Recordando... Fernando Namora

UM SEGREDO

 

Meu pai tinha sandálias de vento

só agora o sei.

Tinha sandálias de vento

e isto nem sequer é uma maneira de dizer

andava por longe os olhos fugidos a expressão em

                                                 [nenhures

com as miraculosas instantaneidades que nos fazem

                                           [estar em todos os sítios.

 

Andava por longe meu pai sonhando errando vadiando

mas toda a sua ausência era

o malogro de o ser

só agora o sei.

Andava por longe ou sentíamo-lo longe

vem dar no mesmo

e no entanto víamo-lo sempre

ali plantado de imobilidade absorta

no cepo de carvalho raiado de negro

a que o caruncho comera o miolo

como as lagartas esvaziam as maçãs

estranhamente quieto murcho resignado

no seu estranho vadiar

os olhos aguados numa tristeza que hoje me dói

como um apelo perdido uma coragem abortada.

Ausência era tão de mágoa urdida tão de fracasso

                                                [tingida

ausência era

altiva e desolada altiva e triste sobretudo triste

tristeza sim tristeza solene e irremediada

só agora o sei.

 

Às vezes parecia-me uma águia que atravessa os ares

sulco azul

que nada distingue do azul onde foi sulcado

e por isso nem é águia nem ao menos

o que do seu voo resta para que

o sonho se faça real.

Meu pai era um homem com as nostalgias

do que nunca acontecera e isso minava-o víscera a

                                              [víscera

como as tais lagartas esfarelam as maçãs

e então sei-o agora calçava as ágeis sandálias

miraculosamente leves soltas imaginosas

indo de acaso em acaso de astro em astro

eram de vento as suas sandálias fabulosas

levando-o aonde mais ninguém poderia chegar.

 

Os outros não o sabiam nem eu o sabia

só o víamos sentado no cepo velho

raiado de negro como uma estrela fossilizada

por isso tudo era para ele mais irremediável e triste

sei-o agora tarde de mais

tarde de mais é uma dor de remorso

que me consome víscera a víscera

como as tais lagartas esfarelam as maçãs.
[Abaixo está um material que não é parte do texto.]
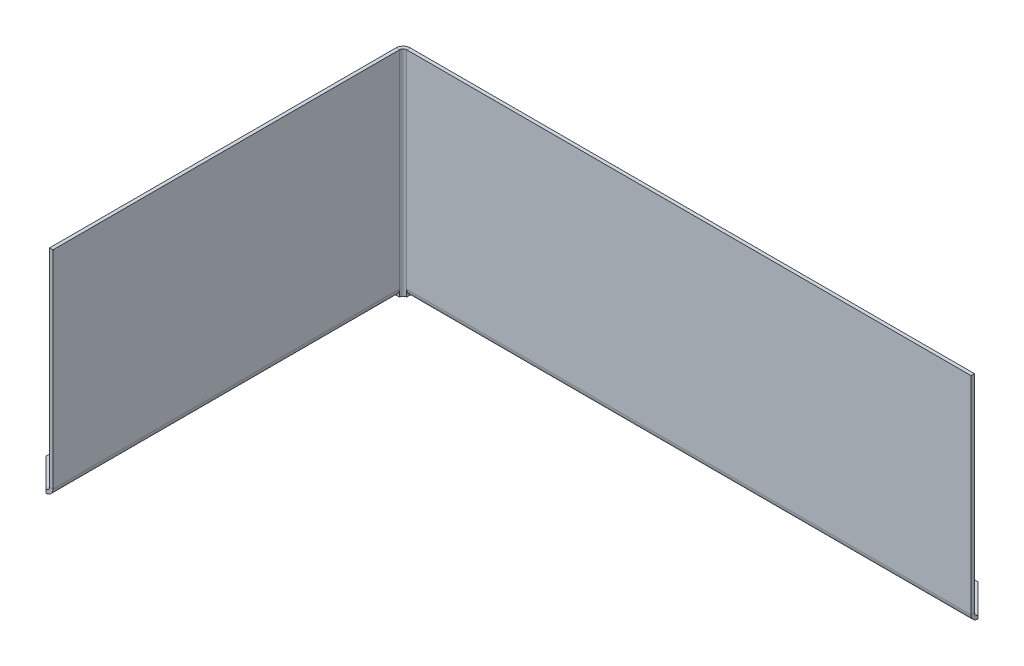
ISO-10303-21;
HEADER;
FILE_DESCRIPTION(('STEP AP214'),'2;1');
FILE_NAME('part.step','',(''),(''),'','','');
FILE_SCHEMA(('AUTOMOTIVE_DESIGN { 1 0 10303 214 1 1 1 1 }'));
ENDSEC;
DATA;
#1=APPLICATION_CONTEXT('core data for automotive mechanical design processes');
#2=APPLICATION_PROTOCOL_DEFINITION('international standard','automotive_design',2000,#1);
#3=PRODUCT_CONTEXT('',#1,'mechanical');
#4=PRODUCT('Part','Part','',(#3));
#5=PRODUCT_RELATED_PRODUCT_CATEGORY('part','',(#4));
#6=PRODUCT_DEFINITION_FORMATION('','',#4);
#7=PRODUCT_DEFINITION_CONTEXT('part definition',#1,'design');
#8=PRODUCT_DEFINITION('design','',#6,#7);
#9=PRODUCT_DEFINITION_SHAPE('','',#8);
#10=(LENGTH_UNIT() NAMED_UNIT(*) SI_UNIT(.MILLI.,.METRE.));
#11=(NAMED_UNIT(*) PLANE_ANGLE_UNIT() SI_UNIT($,.RADIAN.));
#12=(NAMED_UNIT(*) SI_UNIT($,.STERADIAN.) SOLID_ANGLE_UNIT());
#13=UNCERTAINTY_MEASURE_WITH_UNIT(LENGTH_MEASURE(1.E-05),#10,'distance_accuracy_value','');
#14=(GEOMETRIC_REPRESENTATION_CONTEXT(3) GLOBAL_UNCERTAINTY_ASSIGNED_CONTEXT((#13)) GLOBAL_UNIT_ASSIGNED_CONTEXT((#10,
#11,#12)) REPRESENTATION_CONTEXT('',''));
#15=CARTESIAN_POINT('',(0.,0.,0.));
#16=DIRECTION('',(0.,0.,1.));
#17=DIRECTION('',(1.,0.,0.));
#18=AXIS2_PLACEMENT_3D('',#15,#16,#17);
#19=CARTESIAN_POINT('',(1.26999999999998,0.,-125.73));
#20=DIRECTION('',(1.,0.,0.));
#21=DIRECTION('',(0.,1.,0.));
#22=AXIS2_PLACEMENT_3D('',#19,#20,#21);
#23=PLANE('',#22);
#24=DIRECTION('',(0.,1.,-1.33804799689678E-13));
#25=VECTOR('',#24,1.);
#26=CARTESIAN_POINT('',(1.26999999999998,0.,-125.73));
#27=LINE('',#26,#25);
#28=CARTESIAN_POINT('',(1.26999999999998,0.,-125.73));
#29=VERTEX_POINT('',#28);
#30=CARTESIAN_POINT('',(1.26999999999998,0.348355157420486,-125.73));
#31=VERTEX_POINT('',#30);
#32=EDGE_CURVE('E412',#29,#31,#27,.T.);
#33=ORIENTED_EDGE('',*,*,#32,.T.);
#34=CARTESIAN_POINT('',(1.26999999999997,2.4892,-127.));
#35=DIRECTION('',(-1.,0.,0.));
#36=DIRECTION('',(0.,0.,1.));
#37=AXIS2_PLACEMENT_3D('',#34,#35,#36);
#38=CIRCLE('',#37,2.4892);
#39=CARTESIAN_POINT('',(1.26999999999999,2.4892,-124.5108));
#40=VERTEX_POINT('',#39);
#41=EDGE_CURVE('E236',#31,#40,#38,.T.);
#42=ORIENTED_EDGE('',*,*,#41,.T.);
#43=DIRECTION('',(0.,1.,0.));
#44=VECTOR('',#43,1.);
#45=CARTESIAN_POINT('',(1.26999999999999,0.,-124.5108));
#46=LINE('',#45,#44);
#47=CARTESIAN_POINT('',(1.26999999999999,0.,-124.5108));
#48=VERTEX_POINT('',#47);
#49=EDGE_CURVE('E348',#48,#40,#46,.T.);
#50=ORIENTED_EDGE('',*,*,#49,.F.);
#51=DIRECTION('',(0.,0.,1.));
#52=VECTOR('',#51,1.);
#53=CARTESIAN_POINT('',(1.26999999999999,0.,-125.73));
#54=LINE('',#53,#52);
#55=EDGE_CURVE('E329',#48,#29,#54,.F.);
#56=ORIENTED_EDGE('',*,*,#55,.T.);
#57=EDGE_LOOP('',(#33,#42,#50,#56));
#58=FACE_BOUND('',#57,.T.);
#59=ADVANCED_FACE('F96',(#58),#23,.T.);
#60=CARTESIAN_POINT('',(-4.36192488398679E-13,0.,-125.73));
#61=DIRECTION('',(0.,0.,1.));
#62=DIRECTION('',(1.,0.,0.));
#63=AXIS2_PLACEMENT_3D('',#60,#61,#62);
#64=PLANE('',#63);
#65=DIRECTION('',(-1.,0.,0.));
#66=VECTOR('',#65,1.);
#67=CARTESIAN_POINT('',(1.26999999999997,2.4892,-125.73));
#68=LINE('',#67,#66);
#69=CARTESIAN_POINT('',(1.26999999999997,2.4892,-125.73));
#70=VERTEX_POINT('',#69);
#71=CARTESIAN_POINT('',(201.9808,2.4892,-125.730000000001));
#72=VERTEX_POINT('',#71);
#73=EDGE_CURVE('E403',#70,#72,#68,.F.);
#74=ORIENTED_EDGE('',*,*,#73,.F.);
#75=DIRECTION('',(0.,1.,0.));
#76=VECTOR('',#75,1.);
#77=CARTESIAN_POINT('',(1.26999999999999,0.,-125.73));
#78=LINE('',#77,#76);
#79=CARTESIAN_POINT('',(1.26999999999999,76.2,-125.73));
#80=VERTEX_POINT('',#79);
#81=EDGE_CURVE('E343',#80,#70,#78,.F.);
#82=ORIENTED_EDGE('',*,*,#81,.F.);
#83=DIRECTION('',(1.,0.,0.));
#84=VECTOR('',#83,1.);
#85=CARTESIAN_POINT('',(-4.36192488398679E-13,76.2,-125.73));
#86=LINE('',#85,#84);
#87=CARTESIAN_POINT('',(201.9808,76.2,-125.730000000001));
#88=VERTEX_POINT('',#87);
#89=EDGE_CURVE('E337',#80,#88,#86,.T.);
#90=ORIENTED_EDGE('',*,*,#89,.T.);
#91=DIRECTION('',(0.,-1.,0.));
#92=VECTOR('',#91,1.);
#93=CARTESIAN_POINT('',(201.9808,0.,-125.730000000001));
#94=LINE('',#93,#92);
#95=EDGE_CURVE('E334',#88,#72,#94,.T.);
#96=ORIENTED_EDGE('',*,*,#95,.T.);
#97=EDGE_LOOP('',(#74,#82,#90,#96));
#98=FACE_BOUND('',#97,.T.);
#99=ADVANCED_FACE('F459',(#98),#64,.F.);
#100=CARTESIAN_POINT('',(-4.31935674350362E-13,0.,-124.5108));
#101=DIRECTION('',(0.,0.,1.));
#102=DIRECTION('',(1.,0.,0.));
#103=AXIS2_PLACEMENT_3D('',#100,#101,#102);
#104=PLANE('',#103);
#105=CARTESIAN_POINT('',(1.26999999999999,76.2,-124.5108));
#106=VERTEX_POINT('',#105);
#107=EDGE_CURVE('E351',#40,#106,#46,.T.);
#108=ORIENTED_EDGE('',*,*,#107,.F.);
#109=DIRECTION('',(-1.,0.,0.));
#110=VECTOR('',#109,1.);
#111=CARTESIAN_POINT('',(1.26999999999997,2.4892,-124.5108));
#112=LINE('',#111,#110);
#113=CARTESIAN_POINT('',(201.9808,2.4892,-124.510800000001));
#114=VERTEX_POINT('',#113);
#115=EDGE_CURVE('E239',#40,#114,#112,.F.);
#116=ORIENTED_EDGE('',*,*,#115,.T.);
#117=DIRECTION('',(0.,1.,0.));
#118=VECTOR('',#117,1.);
#119=CARTESIAN_POINT('',(201.9808,0.,-124.510800000001));
#120=LINE('',#119,#118);
#121=CARTESIAN_POINT('',(201.9808,76.2,-124.510800000001));
#122=VERTEX_POINT('',#121);
#123=EDGE_CURVE('E339',#122,#114,#120,.F.);
#124=ORIENTED_EDGE('',*,*,#123,.F.);
#125=DIRECTION('',(-1.,0.,0.));
#126=VECTOR('',#125,1.);
#127=CARTESIAN_POINT('',(201.9808,76.2,-124.510800000001));
#128=LINE('',#127,#126);
#129=EDGE_CURVE('E341',#106,#122,#128,.F.);
#130=ORIENTED_EDGE('',*,*,#129,.F.);
#131=EDGE_LOOP('',(#108,#116,#124,#130));
#132=FACE_BOUND('',#131,.T.);
#133=ADVANCED_FACE('F452',(#132),#104,.T.);
#134=CARTESIAN_POINT('',(201.9808,0.,-125.730000000001));
#135=DIRECTION('',(-1.,0.,0.));
#136=DIRECTION('',(0.,0.,1.));
#137=AXIS2_PLACEMENT_3D('',#134,#135,#136);
#138=PLANE('',#137);
#139=DIRECTION('',(0.,0.,1.));
#140=VECTOR('',#139,1.);
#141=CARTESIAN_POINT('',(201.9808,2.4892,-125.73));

Mas de qualquer maneira existe um segredo

de que ambos partilhamos

ciosamente avaramente indecifradamente

como os astutos conspiradores

que fazem do seu segredo

um mágico tesouro inviolado.

 

Um segredo simples:

o que sentiste pai

sinto-o eu agora por ambos

sinto-o por ti

sinto-o por mim.

 

Ainda que por ele devorados.

 

In “Nome Para Uma Casa”

Livraria Bertrand

 

Fernando Namora

(1919-1989)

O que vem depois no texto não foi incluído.